Fig. 5. Azgp1 is significantly correlated with downstream lipid metabolic pathways in lung cancer patients.

Azgp1 is significantly correlated with lipid metabolic pathways in 1017 lung cancer samples (including LUAD and LUSC) according to GSEA (A–H). Enrichment scores and p value was calculated in default parameters. |NES| > 1, NOM p val < 0.05, FDR q val < 0.25 were considered to be significant functional pathways. mTOR was up-regulated in human primary LUAD (I) and LUSC (J). mTOR mRNA expression was compared from 515 human primary LUAD tumours (or 503 human primary LUSC) and 59 (or 53) normal human lung tissues available at the TCGA database. mTOR, p-mTOR, Azgp1, and β-actin protein expressions were evaluated by western blot assay (K, n = 3). The significance of differences was calculated using two-tailed unpaired Student’s t test, *p < 0.05, **p < 0.01, and ***p < 0.001.

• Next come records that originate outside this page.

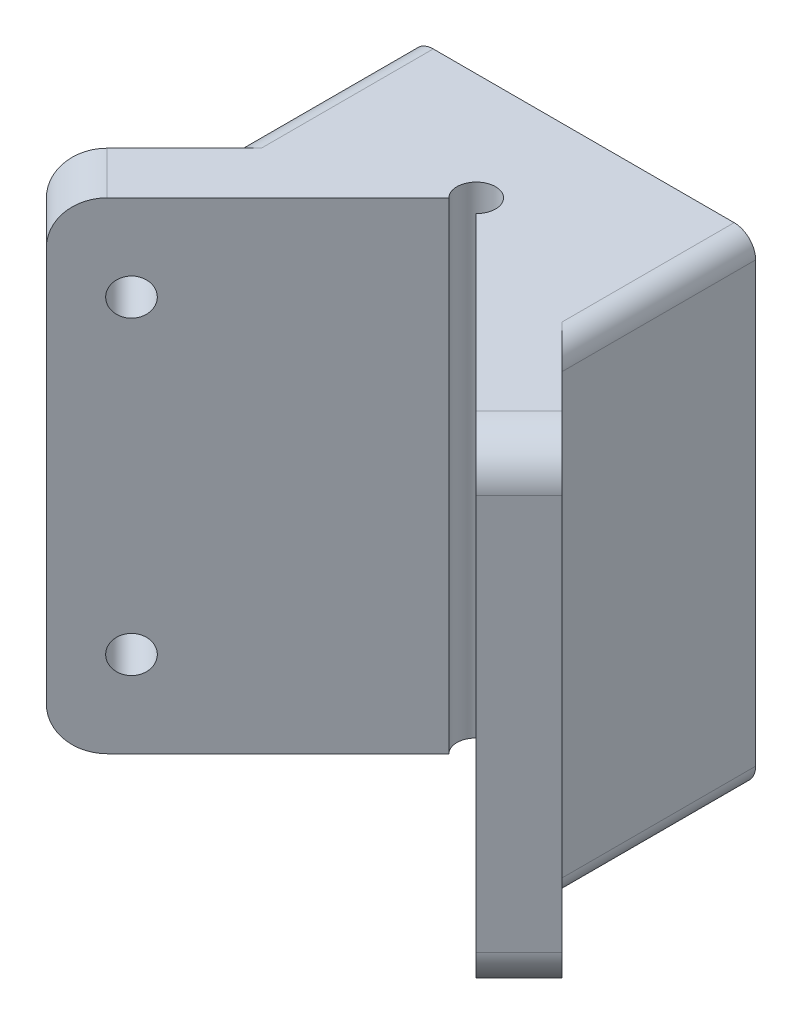
ISO-10303-21;
HEADER;
FILE_DESCRIPTION(('STEP AP214'),'2;1');
FILE_NAME('part.step','',(''),(''),'','','');
FILE_SCHEMA(('AUTOMOTIVE_DESIGN { 1 0 10303 214 1 1 1 1 }'));
ENDSEC;
DATA;
#1=APPLICATION_CONTEXT('core data for automotive mechanical design processes');
#2=APPLICATION_PROTOCOL_DEFINITION('international standard','automotive_design',2000,#1);
#3=PRODUCT_CONTEXT('',#1,'mechanical');
#4=PRODUCT('Part','Part','',(#3));
#5=PRODUCT_RELATED_PRODUCT_CATEGORY('part','',(#4));
#6=PRODUCT_DEFINITION_FORMATION('','',#4);
#7=PRODUCT_DEFINITION_CONTEXT('part definition',#1,'design');
#8=PRODUCT_DEFINITION('design','',#6,#7);
#9=PRODUCT_DEFINITION_SHAPE('','',#8);
#10=(LENGTH_UNIT() NAMED_UNIT(*) SI_UNIT(.MILLI.,.METRE.));
#11=(NAMED_UNIT(*) PLANE_ANGLE_UNIT() SI_UNIT($,.RADIAN.));
#12=(NAMED_UNIT(*) SI_UNIT($,.STERADIAN.) SOLID_ANGLE_UNIT());
#13=UNCERTAINTY_MEASURE_WITH_UNIT(LENGTH_MEASURE(1.E-05),#10,'distance_accuracy_value','');
#14=(GEOMETRIC_REPRESENTATION_CONTEXT(3) GLOBAL_UNCERTAINTY_ASSIGNED_CONTEXT((#13)) GLOBAL_UNIT_ASSIGNED_CONTEXT((#10,
#11,#12)) REPRESENTATION_CONTEXT('',''));
#15=CARTESIAN_POINT('',(0.,0.,0.));
#16=DIRECTION('',(0.,0.,1.));
#17=DIRECTION('',(1.,0.,0.));
#18=AXIS2_PLACEMENT_3D('',#15,#16,#17);
#19=CARTESIAN_POINT('',(40.,56.,100.));
#20=DIRECTION('',(-1.,0.,0.));
#21=DIRECTION('',(0.,0.,1.));
#22=AXIS2_PLACEMENT_3D('',#19,#20,#21);
#23=PLANE('',#22);
#24=DIRECTION('',(0.,1.,0.));
#25=VECTOR('',#24,1.);
#26=CARTESIAN_POINT('',(40.,56.,0.));
#27=LINE('',#26,#25);
#28=CARTESIAN_POINT('',(40.,-51.,0.));
#29=VERTEX_POINT('',#28);
#30=CARTESIAN_POINT('',(40.,51.,0.));
#31=VERTEX_POINT('',#30);
#32=EDGE_CURVE('E222',#29,#31,#27,.T.);
#33=ORIENTED_EDGE('',*,*,#32,.T.);
#34=DIRECTION('',(0.,0.,-1.));
#35=VECTOR('',#34,1.);
#36=CARTESIAN_POINT('',(40.,51.,100.));
#37=LINE('',#36,#35);
#38=CARTESIAN_POINT('',(40.,51.,45.0000000000003));
#39=VERTEX_POINT('',#38);
#40=EDGE_CURVE('E316',#31,#39,#37,.F.);
#41=ORIENTED_EDGE('',*,*,#40,.T.);
#42=DIRECTION('',(0.,-1.,0.));
#43=VECTOR('',#42,1.);
#44=CARTESIAN_POINT('',(40.,56.,45.0000000000003));
#45=LINE('',#44,#43);
#46=CARTESIAN_POINT('',(40.,-51.,45.0000000000003));
#47=VERTEX_POINT('',#46);
#48=EDGE_CURVE('E205',#39,#47,#45,.T.);
#49=ORIENTED_EDGE('',*,*,#48,.T.);
#50=DIRECTION('',(0.,0.,-1.));
#51=VECTOR('',#50,1.);
#52=CARTESIAN_POINT('',(40.,-51.,100.));
#53=LINE('',#52,#51);
#54=EDGE_CURVE('E313',#47,#29,#53,.T.);
#55=ORIENTED_EDGE('',*,*,#54,.T.);
#56=EDGE_LOOP('',(#33,#41,#49,#55));
#57=FACE_BOUND('',#56,.T.);
#58=ADVANCED_FACE('F33',(#57),#23,.F.);
#59=CARTESIAN_POINT('',(-40.,56.,100.));
#60=DIRECTION('',(0.,-1.,0.));
#61=DIRECTION('',(0.,0.,-1.));
#62=AXIS2_PLACEMENT_3D('',#59,#60,#61);
#63=PLANE('',#62);
#64=DIRECTION('',(-0.707106781186539,0.,0.707106781186556));
#65=VECTOR('',#64,1.);
#66=CARTESIAN_POINT('',(-50.,56.,74.9999999999997));
#67=LINE('',#66,#65);
#68=CARTESIAN_POINT('',(-3.18198051533943,56.,28.181980515338));
#69=VERTEX_POINT('',#68);
#70=CARTESIAN_POINT('',(-42.9289321881346,56.,67.9289321881342));
#71=VERTEX_POINT('',#70);
#72=EDGE_CURVE('E171',#69,#71,#67,.T.);
#73=ORIENTED_EDGE('',*,*,#72,.F.);
#74=CARTESIAN_POINT('',(0.,56.,24.9999999999985));
#75=DIRECTION('',(0.,1.,0.));
#76=DIRECTION('',(0.,0.,1.));
#77=AXIS2_PLACEMENT_3D('',#74,#75,#76);
#78=CIRCLE('',#77,4.5);
#79=CARTESIAN_POINT('',(3.1819805153395,56.,28.181980515338));
#80=VERTEX_POINT('',#79);
#81=EDGE_CURVE('E157',#80,#69,#78,.T.);
#82=ORIENTED_EDGE('',*,*,#81,.F.);
#83=DIRECTION('',(-0.707106781186556,0.,-0.707106781186539));
#84=VECTOR('',#83,1.);
#85=CARTESIAN_POINT('',(0.,56.,24.9999999999985));
#86=LINE('',#85,#84);
#87=CARTESIAN_POINT('',(42.9289321881356,56.,67.9289321881331));
#88=VERTEX_POINT('',#87);
#89=EDGE_CURVE('E168',#88,#80,#86,.T.);
#90=ORIENTED_EDGE('',*,*,#89,.F.);
#91=DIRECTION('',(0.707106781186545,0.,-0.70710678118655));
#92=VECTOR('',#91,1.);
#93=CARTESIAN_POINT('',(52.9289321881341,56.,57.9289321881346));
#94=LINE('',#93,#92);
#95=CARTESIAN_POINT('',(52.9289321881341,56.,57.9289321881345));
#96=VERTEX_POINT('',#95);
#97=EDGE_CURVE('E278',#88,#96,#94,.T.);
#98=ORIENTED_EDGE('',*,*,#97,.T.);
#99=DIRECTION('',(-0.707106781186545,0.,-0.70710678118655));
#100=VECTOR('',#99,1.);
#101=CARTESIAN_POINT('',(0.,56.,5.));
#102=LINE('',#101,#100);
#103=CARTESIAN_POINT('',(35.,56.,40.0000000000002));
#104=VERTEX_POINT('',#103);
#105=EDGE_CURVE('E191',#96,#104,#102,.T.);
#106=ORIENTED_EDGE('',*,*,#105,.T.);
#107=DIRECTION('',(0.,0.,-1.));
#108=VECTOR('',#107,1.);
#109=CARTESIAN_POINT('',(35.,56.,100.));
#110=LINE('',#109,#108);
#111=CARTESIAN_POINT('',(35.,56.,0.));
#112=VERTEX_POINT('',#111);
#113=EDGE_CURVE('E307',#104,#112,#110,.T.);
#114=ORIENTED_EDGE('',*,*,#113,.T.);
#115=DIRECTION('',(-1.,0.,0.));
#116=VECTOR('',#115,1.);
#117=CARTESIAN_POINT('',(-40.,56.,0.));
#118=LINE('',#117,#116);
#119=CARTESIAN_POINT('',(-35.,56.,0.));
#120=VERTEX_POINT('',#119);
#121=EDGE_CURVE('E225',#112,#120,#118,.T.);
#122=ORIENTED_EDGE('',*,*,#121,.T.);
#123=DIRECTION('',(0.,0.,-1.));
#124=VECTOR('',#123,1.);
#125=CARTESIAN_POINT('',(-35.,56.,100.));
#126=LINE('',#125,#124);
#127=CARTESIAN_POINT('',(-35.,56.,40.));
#128=VERTEX_POINT('',#127);
#129=EDGE_CURVE('E310',#120,#128,#126,.F.);
#130=ORIENTED_EDGE('',*,*,#129,.T.);
#131=DIRECTION('',(-0.707106781186547,0.,0.707106781186548));
#132=VECTOR('',#131,1.);
#133=CARTESIAN_POINT('',(-60.,56.,65.));
#134=LINE('',#133,#132);
#135=CARTESIAN_POINT('',(-52.9289321881345,56.,57.9289321881345));
#136=VERTEX_POINT('',#135);
#137=EDGE_CURVE('E196',#128,#136,#134,.T.);
#138=ORIENTED_EDGE('',*,*,#137,.T.);
#139=DIRECTION('',(0.707106781186556,0.,0.707106781186539));
#140=VECTOR('',#139,1.);
#141=CARTESIAN_POINT('',(-42.9289321881346,56.,67.9289321881342));
#142=LINE('',#141,#140);
#143=EDGE_CURVE('E276',#136,#71,#142,.T.);
#144=ORIENTED_EDGE('',*,*,#143,.T.);
#145=EDGE_LOOP('',(#73,#82,#90,#98,#106,#114,#122,#130,#138,#144));
#146=FACE_BOUND('',#145,.T.);
#147=ADVANCED_FACE('F166',(#146),#63,.F.);
#148=CARTESIAN_POINT('',(-40.,56.,100.));
#149=DIRECTION('',(1.,0.,0.));
#150=DIRECTION('',(0.,0.,-1.));
#151=AXIS2_PLACEMENT_3D('',#148,#149,#150);
#152=PLANE('',#151);
#153=DIRECTION('',(0.,1.,0.));
#154=VECTOR('',#153,1.);
#155=CARTESIAN_POINT('',(-40.,56.,45.));
#156=LINE('',#155,#154);
#157=CARTESIAN_POINT('',(-40.,-51.,45.));
#158=VERTEX_POINT('',#157);
#159=CARTESIAN_POINT('',(-40.,51.,45.));
#160=VERTEX_POINT('',#159);
#161=EDGE_CURVE('E215',#158,#160,#156,.T.);
#162=ORIENTED_EDGE('',*,*,#161,.T.);
#163=DIRECTION('',(0.,0.,-1.));
#164=VECTOR('',#163,1.);
#165=CARTESIAN_POINT('',(-40.,51.,100.));
#166=LINE('',#165,#164);
#167=CARTESIAN_POINT('',(-40.,51.,0.));
#168=VERTEX_POINT('',#167);
#169=EDGE_CURVE('E296',#160,#168,#166,.T.);
#170=ORIENTED_EDGE('',*,*,#169,.T.);
#171=DIRECTION('',(0.,-1.,0.));
#172=VECTOR('',#171,1.);
#173=CARTESIAN_POINT('',(-40.,56.,0.));
#174=LINE('',#173,#172);
#175=CARTESIAN_POINT('',(-40.,-51.,0.));
#176=VERTEX_POINT('',#175);
#177=EDGE_CURVE('E229',#168,#176,#174,.T.);
#178=ORIENTED_EDGE('',*,*,#177,.T.);
#179=DIRECTION('',(0.,0.,-1.));
#180=VECTOR('',#179,1.);
#181=CARTESIAN_POINT('',(-40.,-51.,100.));
#182=LINE('',#181,#180);
#183=EDGE_CURVE('E294',#176,#158,#182,.F.);
#184=ORIENTED_EDGE('',*,*,#183,.T.);
#185=EDGE_LOOP('',(#162,#170,#178,#184));
#186=FACE_BOUND('',#185,.T.);
#187=ADVANCED_FACE('F353',(#186),#152,.F.);
#188=CARTESIAN_POINT('',(-40.,-56.,100.));
#189=DIRECTION('',(0.,1.,0.));
#190=DIRECTION('',(0.,0.,1.));
#191=AXIS2_PLACEMENT_3D('',#188,#189,#190);
#192=PLANE('',#191);
#193=DIRECTION('',(-0.707106781186556,0.,-0.707106781186539));
#194=VECTOR('',#193,1.);
#195=CARTESIAN_POINT('',(0.,-56.,24.9999999999985));
#196=LINE('',#195,#194);
#197=CARTESIAN_POINT('',(42.9289321881356,-56.,67.9289321881331));
#198=VERTEX_POINT('',#197);
#199=CARTESIAN_POINT('',(3.1819805153395,-56.,28.181980515338));
#200=VERTEX_POINT('',#199);
#201=EDGE_CURVE('E179',#198,#200,#196,.T.);
#202=ORIENTED_EDGE('',*,*,#201,.T.);
#203=CARTESIAN_POINT('',(0.,-56.,24.9999999999985));
#204=DIRECTION('',(0.,1.,0.));
#205=DIRECTION('',(0.,0.,1.));
#206=AXIS2_PLACEMENT_3D('',#203,#204,#205);
#207=CIRCLE('',#206,4.5);
#208=CARTESIAN_POINT('',(-3.18198051533943,-56.,28.181980515338));
#209=VERTEX_POINT('',#208);
#210=EDGE_CURVE('E48',#200,#209,#207,.T.);
#211=ORIENTED_EDGE('',*,*,#210,.T.);
#212=DIRECTION('',(-0.707106781186539,0.,0.707106781186556));
#213=VECTOR('',#212,1.);
#214=CARTESIAN_POINT('',(-50.,-56.,74.9999999999997));
#215=LINE('',#214,#213);
#216=CARTESIAN_POINT('',(-42.9289321881346,-56.,67.9289321881342));
#217=VERTEX_POINT('',#216);
#218=EDGE_CURVE('E185',#209,#217,#215,.T.);
#219=ORIENTED_EDGE('',*,*,#218,.T.);
#220=DIRECTION('',(0.707106781186556,0.,0.707106781186539));
#221=VECTOR('',#220,1.);
#222=CARTESIAN_POINT('',(-52.9289321881346,-56.,57.9289321881344));
#223=LINE('',#222,#221);
#224=CARTESIAN_POINT('',(-52.9289321881345,-56.,57.9289321881345));
#225=VERTEX_POINT('',#224);
#226=EDGE_CURVE('E269',#217,#225,#223,.F.);
#227=ORIENTED_EDGE('',*,*,#226,.T.);
#228=DIRECTION('',(-0.707106781186547,0.,0.707106781186548));
#229=VECTOR('',#228,1.);
#230=CARTESIAN_POINT('',(-60.,-56.,65.));
#231=LINE('',#230,#229);
#232=CARTESIAN_POINT('',(-35.,-56.,40.));
#233=VERTEX_POINT('',#232);
#234=EDGE_CURVE('E55',#233,#225,#231,.T.);
#235=ORIENTED_EDGE('',*,*,#234,.F.);
#236=DIRECTION('',(0.,0.,-1.));
#237=VECTOR('',#236,1.);
#238=CARTESIAN_POINT('',(-35.,-56.,100.));
#239=LINE('',#238,#237);
#240=CARTESIAN_POINT('',(-35.,-56.,0.));
#241=VERTEX_POINT('',#240);
#242=EDGE_CURVE('E321',#233,#241,#239,.T.);
#243=ORIENTED_EDGE('',*,*,#242,.T.);
#244=DIRECTION('',(1.,0.,0.));
#245=VECTOR('',#244,1.);
#246=CARTESIAN_POINT('',(-40.,-56.,0.));
#247=LINE('',#246,#245);
#248=CARTESIAN_POINT('',(35.,-56.,0.));
#249=VERTEX_POINT('',#248);
#250=EDGE_CURVE('E232',#241,#249,#247,.T.);
#251=ORIENTED_EDGE('',*,*,#250,.T.);
#252=DIRECTION('',(0.,0.,-1.));
#253=VECTOR('',#252,1.);
#254=CARTESIAN_POINT('',(35.,-56.,100.));
#255=LINE('',#254,#253);
#256=CARTESIAN_POINT('',(35.,-56.,40.0000000000002));
#257=VERTEX_POINT('',#256);
#258=EDGE_CURVE('E318',#249,#257,#255,.F.);
#259=ORIENTED_EDGE('',*,*,#258,.T.);
#260=DIRECTION('',(-0.707106781186545,0.,-0.70710678118655));
#261=VECTOR('',#260,1.);
#262=CARTESIAN_POINT('',(0.,-56.,5.));
#263=LINE('',#262,#261);
#264=CARTESIAN_POINT('',(52.9289321881341,-56.,57.9289321881345));
#265=VERTEX_POINT('',#264);
#266=EDGE_CURVE('E194',#265,#257,#263,.T.);
#267=ORIENTED_EDGE('',*,*,#266,.F.);
#268=DIRECTION('',(0.707106781186545,0.,-0.70710678118655));
#269=VECTOR('',#268,1.);
#270=CARTESIAN_POINT('',(42.9289321881369,-56.,67.9289321881318));
#271=LINE('',#270,#269);
#272=EDGE_CURVE('E271',#265,#198,#271,.F.);
#273=ORIENTED_EDGE('',*,*,#272,.T.);
#274=EDGE_LOOP('',(#202,#211,#219,#227,#235,#243,#251,#259,#267,#273));
#275=FACE_BOUND('',#274,.T.);
#276=ADVANCED_FACE('F346',(#275),#192,.F.);
#277=CARTESIAN_POINT('',(0.,0.,0.));
#278=DIRECTION('',(0.,0.,1.));
#279=DIRECTION('',(1.,0.,0.));
#280=AXIS2_PLACEMENT_3D('',#277,#278,#279);
#281=PLANE('',#280);
#282=CARTESIAN_POINT('',(32.,-48.,0.));
#283=DIRECTION('',(0.,0.,1.));
#284=DIRECTION('',(1.,0.,0.));
#285=AXIS2_PLACEMENT_3D('',#282,#283,#284);
#286=CIRCLE('',#285,2.5);
#287=CARTESIAN_POINT('',(34.5,-48.,0.));
#288=VERTEX_POINT('',#287);
#289=EDGE_CURVE('E226',#288,#288,#286,.F.);
#290=ORIENTED_EDGE('',*,*,#289,.F.);
#291=EDGE_LOOP('',(#290));
#292=FACE_BOUND('',#291,.T.);
#293=CARTESIAN_POINT('',(-32.,47.9976581795832,0.));
#294=DIRECTION('',(0.,0.,1.));
#295=DIRECTION('',(1.,0.,0.));
#296=AXIS2_PLACEMENT_3D('',#293,#294,#295);
#297=CIRCLE('',#296,2.5);
#298=CARTESIAN_POINT('',(-29.5,47.9976581795832,0.));
#299=VERTEX_POINT('',#298);
#300=EDGE_CURVE('E241',#299,#299,#297,.F.);
#301=ORIENTED_EDGE('',*,*,#300,.F.);
#302=EDGE_LOOP('',(#301));
#303=FACE_BOUND('',#302,.T.);
#304=CARTESIAN_POINT('',(32.,48.,0.));
#305=DIRECTION('',(0.,0.,1.));
#306=DIRECTION('',(1.,0.,0.));
#307=AXIS2_PLACEMENT_3D('',#304,#305,#306);
#308=CIRCLE('',#307,2.5);
#309=CARTESIAN_POINT('',(34.5,48.,0.));
#310=VERTEX_POINT('',#309);
#311=EDGE_CURVE('E238',#310,#310,#308,.F.);
#312=ORIENTED_EDGE('',*,*,#311,.F.);
#313=EDGE_LOOP('',(#312));
#314=FACE_BOUND('',#313,.T.);
#315=CARTESIAN_POINT('',(-32.,-48.,0.));
#316=DIRECTION('',(0.,0.,1.));
#317=DIRECTION('',(1.,0.,0.));
#318=AXIS2_PLACEMENT_3D('',#315,#316,#317);
#319=CIRCLE('',#318,2.5);
#320=CARTESIAN_POINT('',(-29.5,-48.,0.));
#321=VERTEX_POINT('',#320);
#322=EDGE_CURVE('E221',#321,#321,#319,.F.);
#323=ORIENTED_EDGE('',*,*,#322,.F.);
#324=EDGE_LOOP('',(#323));
#325=FACE_BOUND('',#324,.T.);
#326=ORIENTED_EDGE('',*,*,#177,.F.);
#327=CARTESIAN_POINT('',(-35.,51.,0.));
#328=DIRECTION('',(0.,0.,1.));
#329=DIRECTION('',(1.,0.,0.));
#330=AXIS2_PLACEMENT_3D('',#327,#328,#329);
#331=CIRCLE('',#330,5.);
#332=EDGE_CURVE('E305',#168,#120,#331,.F.);
#333=ORIENTED_EDGE('',*,*,#332,.T.);
#334=ORIENTED_EDGE('',*,*,#121,.F.);
#335=CARTESIAN_POINT('',(35.,51.,0.));
#336=DIRECTION('',(0.,0.,1.));
#337=DIRECTION('',(1.,0.,0.));
#338=AXIS2_PLACEMENT_3D('',#335,#336,#337);
#339=CIRCLE('',#338,5.);
#340=EDGE_CURVE('E303',#112,#31,#339,.F.);
#341=ORIENTED_EDGE('',*,*,#340,.T.);
#342=ORIENTED_EDGE('',*,*,#32,.F.);
#343=CARTESIAN_POINT('',(35.,-51.,0.));
#344=DIRECTION('',(0.,0.,1.));
#345=DIRECTION('',(1.,0.,0.));
#346=AXIS2_PLACEMENT_3D('',#343,#344,#345);
#347=CIRCLE('',#346,5.);
#348=EDGE_CURVE('E299',#29,#249,#347,.F.);
#349=ORIENTED_EDGE('',*,*,#348,.T.);
#350=ORIENTED_EDGE('',*,*,#250,.F.);
#351=CARTESIAN_POINT('',(-35.,-51.,0.));
#352=DIRECTION('',(0.,0.,1.));
#353=DIRECTION('',(1.,0.,0.));
#354=AXIS2_PLACEMENT_3D('',#351,#352,#353);
#355=CIRCLE('',#354,5.);
#356=EDGE_CURVE('E301',#241,#176,#355,.F.);
#357=ORIENTED_EDGE('',*,*,#356,.T.);
#358=EDGE_LOOP('',(#326,#333,#334,#341,#342,#349,#350,#357));
#359=FACE_BOUND('',#358,.T.);
#360=ADVANCED_FACE('F345',(#292,#303,#314,#325,#359),#281,.F.);
#361=CARTESIAN_POINT('',(-32.,-48.,107.071067811865));
#362=DIRECTION('',(0.,0.,-1.));
#363=DIRECTION('',(-1.,0.,0.));
#364=AXIS2_PLACEMENT_3D('',#361,#362,#363);
#365=CYLINDRICAL_SURFACE('',#364,2.5);
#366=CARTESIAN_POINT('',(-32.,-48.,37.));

Fig. 6. Overexpression of Azgp1 potentially inhibits lung cancer progression.

LLC cells were transduced by lentivirus, and the resistant cells were selected with corresponding antibiotics to obtain mouse Azgp1 overexpression stable cell lines and the control virus transfected cell lines (A). In vitro experiments, quantitative RT-PCR was conducted to determine the expressions of Azgp1 in LLC (wt) and LLC (Azgp1 overexpression) cells (B). Western blot assay was applied to confirm that gene Azgp1 had been overexpressed (C). LLC (wt) and LLC (Azgp1 overexpression) cells viability for 72 h were detected by MTT assays (D). The colony formation and statistical analysis of LLC (wt) and LLC (Azgp1 overexpression) cells for 72 h (E). Experiments were independently repeated four times. Experiments were independently repeated three times. In vivo experiments, LLC (wt) or LLC (Azgp1 overexpression) cells were injected by subcutaneously into wild type C57BL/6 mice (5 × 10⁵ cells per mouse, n = 6 mice per group, F). Then body weight (G) and tumour volumes (H) of mice were examined every 3 days. After dissection, the representative images of tumours (I) and tumour weights (J) were measured and calculated. mTOR, p-mTOR, Azgp1, and β-actin protein expressions in tumours were evaluated by western blot assay (K, n = 3 mice per group). Statistical significance was calculated by means of ANOVA analysis. All data are presented as the mean ± SEM, *p < 0.05, **p < 0.01, and ***p < 0.001.

Fig. 7. Azgp1/mTOR axis is identified as an under-reported pathway for taurine and proline in promoting lung cancer progression.

Taurine and proline may inhibit AZGP1 function, triggering mTOR pathway activation and lipid metabolism disorder that ultimately promote lung cancer progression.